• What is needed
Where the records contain images, omit them, and repeat everything else word for word.
Records provided below:
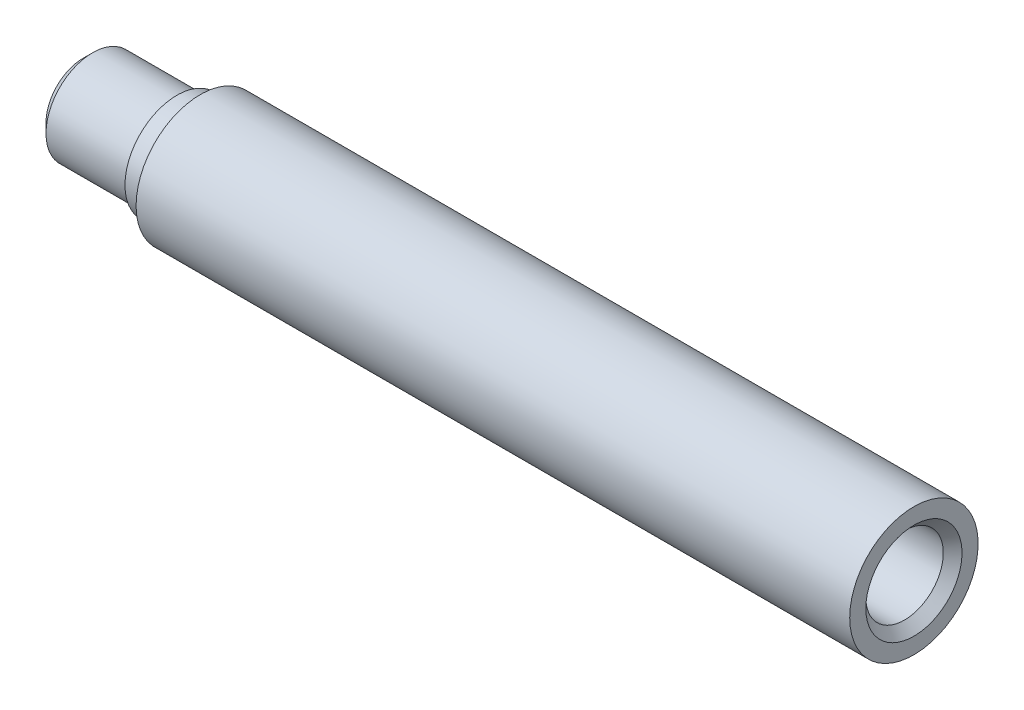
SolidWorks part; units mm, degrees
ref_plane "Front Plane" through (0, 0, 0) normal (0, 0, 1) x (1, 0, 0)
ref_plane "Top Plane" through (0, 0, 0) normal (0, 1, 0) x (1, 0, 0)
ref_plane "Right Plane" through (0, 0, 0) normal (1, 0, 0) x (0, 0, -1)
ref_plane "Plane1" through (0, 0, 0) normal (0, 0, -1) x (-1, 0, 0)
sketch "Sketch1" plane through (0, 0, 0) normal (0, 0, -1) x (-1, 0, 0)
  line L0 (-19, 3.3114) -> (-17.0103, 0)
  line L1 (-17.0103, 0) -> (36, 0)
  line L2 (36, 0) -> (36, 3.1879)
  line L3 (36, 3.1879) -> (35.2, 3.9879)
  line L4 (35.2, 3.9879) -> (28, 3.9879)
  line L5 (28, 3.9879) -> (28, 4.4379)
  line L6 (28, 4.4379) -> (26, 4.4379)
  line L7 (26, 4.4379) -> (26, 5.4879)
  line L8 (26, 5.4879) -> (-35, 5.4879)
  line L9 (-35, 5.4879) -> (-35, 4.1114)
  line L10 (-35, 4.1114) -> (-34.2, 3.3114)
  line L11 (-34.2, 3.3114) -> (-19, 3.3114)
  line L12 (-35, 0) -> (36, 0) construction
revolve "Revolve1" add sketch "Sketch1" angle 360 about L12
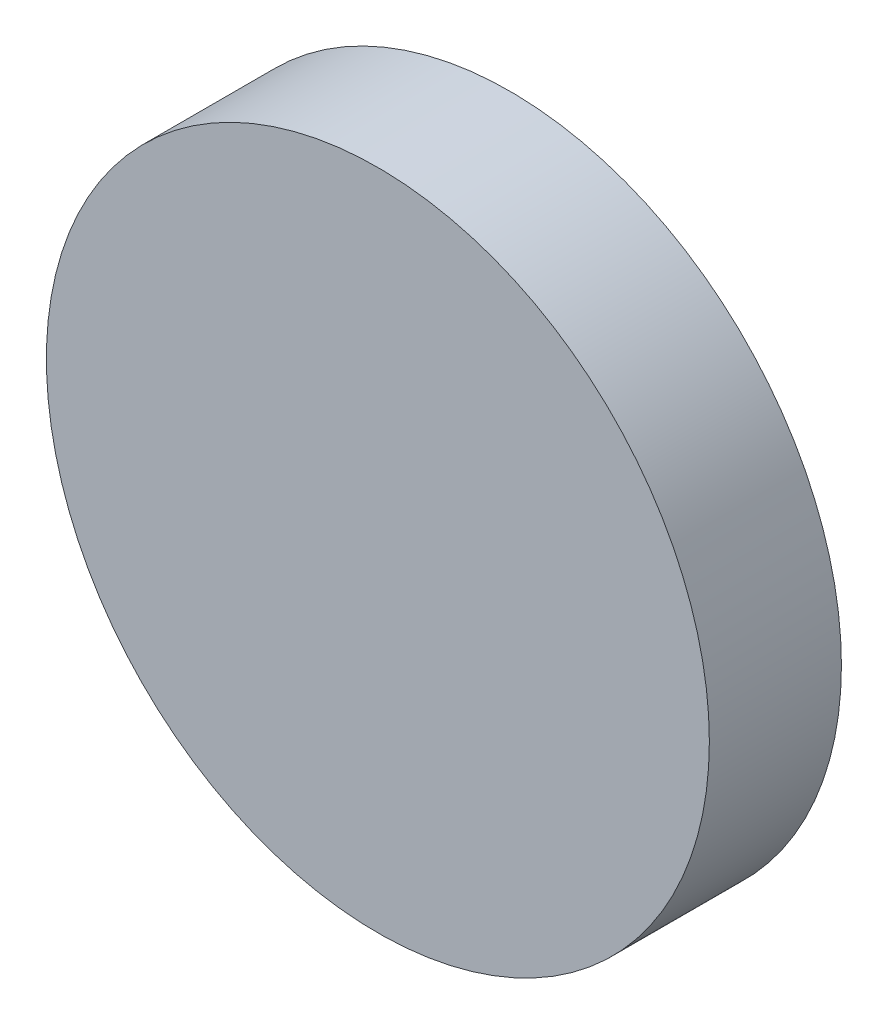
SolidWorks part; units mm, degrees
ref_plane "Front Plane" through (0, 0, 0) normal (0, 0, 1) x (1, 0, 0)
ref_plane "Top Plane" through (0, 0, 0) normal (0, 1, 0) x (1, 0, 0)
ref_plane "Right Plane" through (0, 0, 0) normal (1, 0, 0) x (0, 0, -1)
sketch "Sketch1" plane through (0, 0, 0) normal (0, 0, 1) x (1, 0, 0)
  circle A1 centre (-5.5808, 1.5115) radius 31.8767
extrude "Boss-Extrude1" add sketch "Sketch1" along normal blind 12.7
End of Records provided.
• Response area
SolidWorks part; units mm, degrees
ref_plane "Front Plane" through (0, 0, 0) normal (0, 0, 1) x (1, 0, 0)
ref_plane "Top Plane" through (0, 0, 0) normal (0, 1, 0) x (1, 0, 0)
ref_plane "Right Plane" through (0, 0, 0) normal (1, 0, 0) x (0, 0, -1)
ref_plane "Plane1" through (0, 0, 0) normal (0, 0, -1) x (-1, 0, 0)
sketch "Sketch1" plane through (0, 0, 0) normal (0, 0, -1) x (-1, 0, 0)
  line L0 (-19, 3.3114) -> (-17.0103, 0)
  line L1 (-17.0103, 0) -> (36, 0)
  line L2 (36, 0) -> (36, 3.1879)
  line L3 (36, 3.1879) -> (35.2, 3.9879)
  line L4 (35.2, 3.9879) -> (28, 3.9879)
  line L5 (28, 3.9879) -> (28, 4.4379)
  line L6 (28, 4.4379) -> (26, 4.4379)
  line L7 (26, 4.4379) -> (26, 5.4879)
  line L8 (26, 5.4879) -> (-35, 5.4879)
  line L9 (-35, 5.4879) -> (-35, 4.1114)
  line L10 (-35, 4.1114) -> (-34.2, 3.3114)
  line L11 (-34.2, 3.3114) -> (-19, 3.3114)
  line L12 (-35, 0) -> (36, 0) construction
revolve "Revolve1" add sketch "Sketch1" angle 360 about L12
SolidWorks part; units mm, degrees
ref_plane "Front Plane" through (0, 0, 0) normal (0, 0, 1) x (1, 0, 0)
ref_plane "Top Plane" through (0, 0, 0) normal (0, 1, 0) x (1, 0, 0)
ref_plane "Right Plane" through (0, 0, 0) normal (1, 0, 0) x (0, 0, -1)
sketch "Sketch1" plane through (0, 0, 0) normal (0, 0, 1) x (1, 0, 0)
  circle A1 centre (-5.5808, 1.5115) radius 31.8767
extrude "Boss-Extrude1" add sketch "Sketch1" along normal blind 12.7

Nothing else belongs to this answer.